**What to produce**
Print the whole listing below exactly as given, pictures excluded.
== == ==
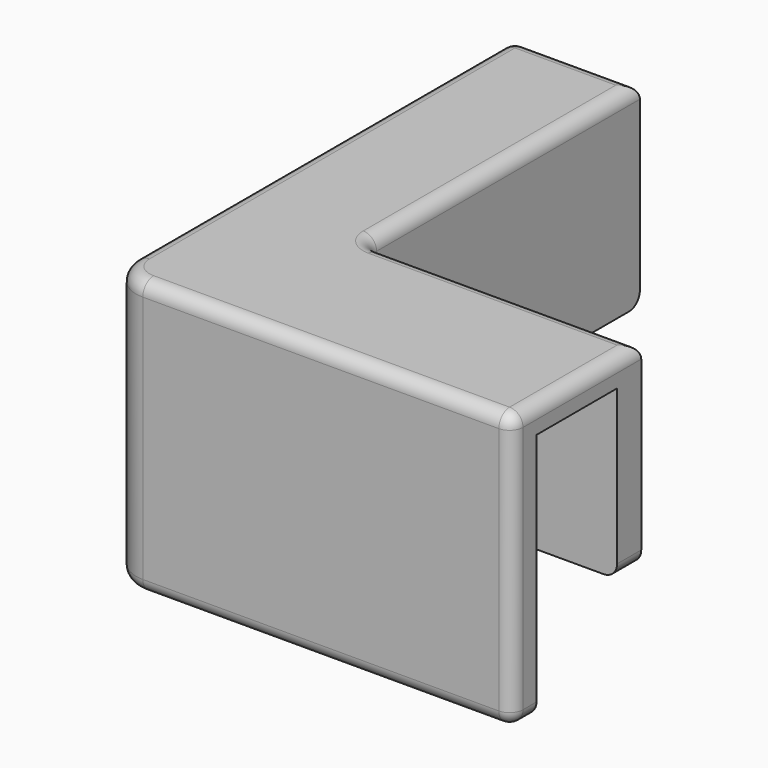
from build123d import *

# Parameters (mm, degrees)
F1_DEPTH    = 4
F3_DEPTH    = 25
F5_DEPTH    = 12
F6_R        = 2
F7_T1_DEPTH = 41
F7_T4_ANGLE = 90
F7_T6_ANGLE = 90


# Not quite as in the source:
# - a fillet or chamfer that OpenCascade refuses, or shapes differently, is made with other operations: its cross-section is extruded or revolved along the edge and cut away or added


with BuildPart() as f1:
    # F0 (on Top) → F1 (new body)
    with BuildSketch(Plane.XY):
        Polygon((7, 12), (7, 63), (-12, 63), (-12, -12), (48, -12), (48, 12), align=None)
    extrude(amount=F1_DEPTH)

    # F2 (on face) → F3 (join)
    with BuildSketch(Plane(origin=(0, 0, 0), x_dir=(1, 0, 0), z_dir=(0, 0, -1))):
        Polygon((48, 12), (-12, 12), (-12, -63), (-7.5, -63), (-7.5, 7.5), (48, 7.5), align=None)
        Polygon((2.5, -63), (7, -63), (7, -12), (48, -12), (48, -7.5), (2.5, -7.5), align=None)
    extrude(amount=F3_DEPTH)

    # F4 (on face) → F5 (join)
    with BuildSketch(Plane(origin=(0, 0, -25), x_dir=(1, 0, 0), z_dir=(0, 0, -1))):
        Polygon((48, 12), (-12, 12), (-12, -63), (-7.5, -63), (-7.5, 7.5), (48, 7.5), align=None)
    extrude(amount=F5_DEPTH)

    # F6
    f6_edges = [f1.edges().sort_by_distance(p)[0] for p in [
        (7, 37.5, 4),
        (-2.5, 63, 4),
        (-12, 25.5, 4),
        (18, -12, 4),
        (48, 0, 4),
        (27.5, 12, 4),
        (-9.75, 63, -37),
        (4.75, 63, -25),
        (48, -9.75, -37),
        (48, 9.75, -25),
        (2.5, 7.5, -12.5),
        (7, 12, -10.5),
        (-12, 63, -16.5),
        (48, -12, -16.5),
        (-12, 25.5, -37),
        (18, -12, -37),
    ]]
    fillet(f6_edges, radius=F6_R)

    # F7: fillet of radius 5 on 1 edges, made by hand

    # F7_s2 → F7_t1 (cut)
    with BuildSketch(Plane.XY.offset(-37)):
        with BuildLine():
            ThreePointArc((-12, -7), (-10.5355339059, -10.5355339059), (-7, -12))
            Line((-7, -12), (-12, -12))
            Line((-12, -12), (-12, -7))
        make_face()
    extrude(amount=F7_T1_DEPTH, mode=Mode.SUBTRACT)

    # F7_s3 → F7_t4 (revolve, cut)
    with BuildSketch(Plane.YZ.offset(-7)):
        with BuildLine():
            ThreePointArc((-10, -37), (-11.4142135624, -36.4142135624), (-12, -35))
            Line((-12, -35), (-12, -37))
            Line((-12, -37), (-10, -37))
        make_face()
    revolve(axis=Axis((-7, -7, -37), (0, 0, -1)), revolution_arc=F7_T4_ANGLE, mode=Mode.SUBTRACT)

    # F7_s5 → F7_t6 (revolve, cut)
    with BuildSketch(Plane.XZ.offset(7)):
        with BuildLine():
            ThreePointArc((-10, 4), (-11.4142135624, 3.4142135624), (-12, 2))
            Line((-12, 2), (-12, 4))
            Line((-12, 4), (-10, 4))
        make_face()
    revolve(axis=Axis((-7, -7, 4), (0, 0, 1)), revolution_arc=F7_T6_ANGLE, mode=Mode.SUBTRACT)


solid = f1.part
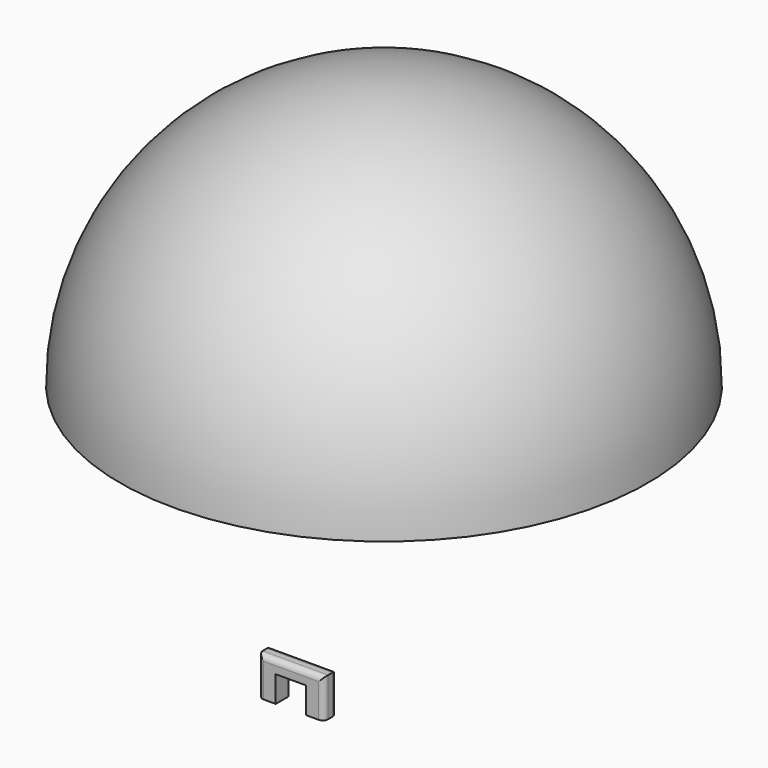
from build123d import *

# Parameters (mm, degrees)
F2_T     = -0.127
F5_T     = -0.127
F9_DEPTH = 1.905
F10_R    = 0.635


# Not quite as in the source:
# - the program builds the solid bodies; features that only make, move or delete a surface that nothing else refers to are left out


with BuildPart() as f1:
    # F0 (on Front) → F1 (revolve)
    with BuildSketch(Plane.XZ):
        with BuildLine():
            Line((0, 0), (0, 31.419273907))
            ThreePointArc((0, 31.419273907), (-22.2167816396, 22.2167816396), (-31.419273907, 0))
            Line((-31.419273907, 0), (0, 0))
        make_face()
    revolve(axis=Axis((0, 0, 0), (0, 0, -1)))

    # F2
    f2_openings = [f1.faces().sort_by_distance(p)[0] for p in [
        (0, 0, 0),
    ]]
    offset(amount=F2_T, openings=f2_openings)


with BuildPart() as f4:
    # F3 (on Front) → F4 (revolve)
    with BuildSketch(Plane.XZ):
        with BuildLine():
            Line((0, 0), (10.8270294, 0))
            ThreePointArc((10.8270294, 0), (7.6558659088, 7.6558659088), (0, 10.8270294))
            Line((0, 10.8270294), (0, 0))
        make_face()
    revolve(axis=Axis((0, 0, 5.4135147), (0, 0, 1)))

    # F5
    f5_openings = [f4.faces().sort_by_distance(p)[0] for p in [
        (0, 0, 0),
    ]]
    offset(amount=F5_T, openings=f5_openings)


with BuildPart() as f9:
    # F8 (on Front) → F9 (new body)
    with BuildSketch(Plane.XZ):
        Polygon((-13.4343560785, -31.6628441215), (-13.4343560785, -36.2952388823), (-11.370417662, -36.2952388823), (-11.370417662, -33.1763960421), (-7.7470592223, -33.1763960421), (-7.7470592223, -36.2952388823), (-5.6372559629, -36.2952388823), (-5.6372559629, -31.6628441215), align=None)
    extrude(amount=F9_DEPTH)

    # F10
    f10_edges = [f9.edges().sort_by_distance(p)[0] for p in [
        (-9.535806, -1.905, -31.662844),
        (-9.535806, 0, -31.662844),
        (-5.637256, -1.905, -33.979042),
        (-5.637256, 0, -33.979042),
        (-13.434356, 0, -33.979042),
        (-13.434356, -1.905, -33.979042),
    ]]
    fillet(f10_edges, radius=F10_R)


solid = Compound([f1.part, f4.part, f9.part])
== == ==
**Solution for this problem**
from build123d import *

# Parameters (mm, degrees)
F1_DEPTH    = 4
F3_DEPTH    = 25
F5_DEPTH    = 12
F6_R        = 2
F7_T1_DEPTH = 41
F7_T4_ANGLE = 90
F7_T6_ANGLE = 90


# Not quite as in the source:
# - a fillet or chamfer that OpenCascade refuses, or shapes differently, is made with other operations: its cross-section is extruded or revolved along the edge and cut away or added


with BuildPart() as f1:
    # F0 (on Top) → F1 (new body)
    with BuildSketch(Plane.XY):
        Polygon((7, 12), (7, 63), (-12, 63), (-12, -12), (48, -12), (48, 12), align=None)
    extrude(amount=F1_DEPTH)

    # F2 (on face) → F3 (join)
    with BuildSketch(Plane(origin=(0, 0, 0), x_dir=(1, 0, 0), z_dir=(0, 0, -1))):
        Polygon((48, 12), (-12, 12), (-12, -63), (-7.5, -63), (-7.5, 7.5), (48, 7.5), align=None)
        Polygon((2.5, -63), (7, -63), (7, -12), (48, -12), (48, -7.5), (2.5, -7.5), align=None)
    extrude(amount=F3_DEPTH)

    # F4 (on face) → F5 (join)
    with BuildSketch(Plane(origin=(0, 0, -25), x_dir=(1, 0, 0), z_dir=(0, 0, -1))):
        Polygon((48, 12), (-12, 12), (-12, -63), (-7.5, -63), (-7.5, 7.5), (48, 7.5), align=None)
    extrude(amount=F5_DEPTH)

    # F6
    f6_edges = [f1.edges().sort_by_distance(p)[0] for p in [
        (7, 37.5, 4),
        (-2.5, 63, 4),
        (-12, 25.5, 4),
        (18, -12, 4),
        (48, 0, 4),
        (27.5, 12, 4),
        (-9.75, 63, -37),
        (4.75, 63, -25),
        (48, -9.75, -37),
        (48, 9.75, -25),
        (2.5, 7.5, -12.5),
        (7, 12, -10.5),
        (-12, 63, -16.5),
        (48, -12, -16.5),
        (-12, 25.5, -37),
        (18, -12, -37),
    ]]
    fillet(f6_edges, radius=F6_R)

    # F7: fillet of radius 5 on 1 edges, made by hand

    # F7_s2 → F7_t1 (cut)
    with BuildSketch(Plane.XY.offset(-37)):
        with BuildLine():
            ThreePointArc((-12, -7), (-10.5355339059, -10.5355339059), (-7, -12))
            Line((-7, -12), (-12, -12))
            Line((-12, -12), (-12, -7))
        make_face()
    extrude(amount=F7_T1_DEPTH, mode=Mode.SUBTRACT)

    # F7_s3 → F7_t4 (revolve, cut)
    with BuildSketch(Plane.YZ.offset(-7)):
        with BuildLine():
            ThreePointArc((-10, -37), (-11.4142135624, -36.4142135624), (-12, -35))
            Line((-12, -35), (-12, -37))
            Line((-12, -37), (-10, -37))
        make_face()
    revolve(axis=Axis((-7, -7, -37), (0, 0, -1)), revolution_arc=F7_T4_ANGLE, mode=Mode.SUBTRACT)

    # F7_s5 → F7_t6 (revolve, cut)
    with BuildSketch(Plane.XZ.offset(7)):
        with BuildLine():
            ThreePointArc((-10, 4), (-11.4142135624, 3.4142135624), (-12, 2))
            Line((-12, 2), (-12, 4))
            Line((-12, 4), (-10, 4))
        make_face()
    revolve(axis=Axis((-7, -7, 4), (0, 0, 1)), revolution_arc=F7_T6_ANGLE, mode=Mode.SUBTRACT)


solid = f1.part
from build123d import *

# Parameters (mm, degrees)
F2_T     = -0.127
F5_T     = -0.127
F9_DEPTH = 1.905
F10_R    = 0.635


# Not quite as in the source:
# - the program builds the solid bodies; features that only make, move or delete a surface that nothing else refers to are left out


with BuildPart() as f1:
    # F0 (on Front) → F1 (revolve)
    with BuildSketch(Plane.XZ):
        with BuildLine():
            Line((0, 0), (0, 31.419273907))
            ThreePointArc((0, 31.419273907), (-22.2167816396, 22.2167816396), (-31.419273907, 0))
            Line((-31.419273907, 0), (0, 0))
        make_face()
    revolve(axis=Axis((0, 0, 0), (0, 0, -1)))

    # F2
    f2_openings = [f1.faces().sort_by_distance(p)[0] for p in [
        (0, 0, 0),
    ]]
    offset(amount=F2_T, openings=f2_openings)


with BuildPart() as f4:
    # F3 (on Front) → F4 (revolve)
    with BuildSketch(Plane.XZ):
        with BuildLine():
            Line((0, 0), (10.8270294, 0))
            ThreePointArc((10.8270294, 0), (7.6558659088, 7.6558659088), (0, 10.8270294))
            Line((0, 10.8270294), (0, 0))
        make_face()
    revolve(axis=Axis((0, 0, 5.4135147), (0, 0, 1)))

    # F5
    f5_openings = [f4.faces().sort_by_distance(p)[0] for p in [
        (0, 0, 0),
    ]]
    offset(amount=F5_T, openings=f5_openings)


with BuildPart() as f9:
    # F8 (on Front) → F9 (new body)
    with BuildSketch(Plane.XZ):
        Polygon((-13.4343560785, -31.6628441215), (-13.4343560785, -36.2952388823), (-11.370417662, -36.2952388823), (-11.370417662, -33.1763960421), (-7.7470592223, -33.1763960421), (-7.7470592223, -36.2952388823), (-5.6372559629, -36.2952388823), (-5.6372559629, -31.6628441215), align=None)
    extrude(amount=F9_DEPTH)

    # F10
    f10_edges = [f9.edges().sort_by_distance(p)[0] for p in [
        (-9.535806, -1.905, -31.662844),
        (-9.535806, 0, -31.662844),
        (-5.637256, -1.905, -33.979042),
        (-5.637256, 0, -33.979042),
        (-13.434356, 0, -33.979042),
        (-13.434356, -1.905, -33.979042),
    ]]
    fillet(f10_edges, radius=F10_R)


solid = Compound([f1.part, f4.part, f9.part])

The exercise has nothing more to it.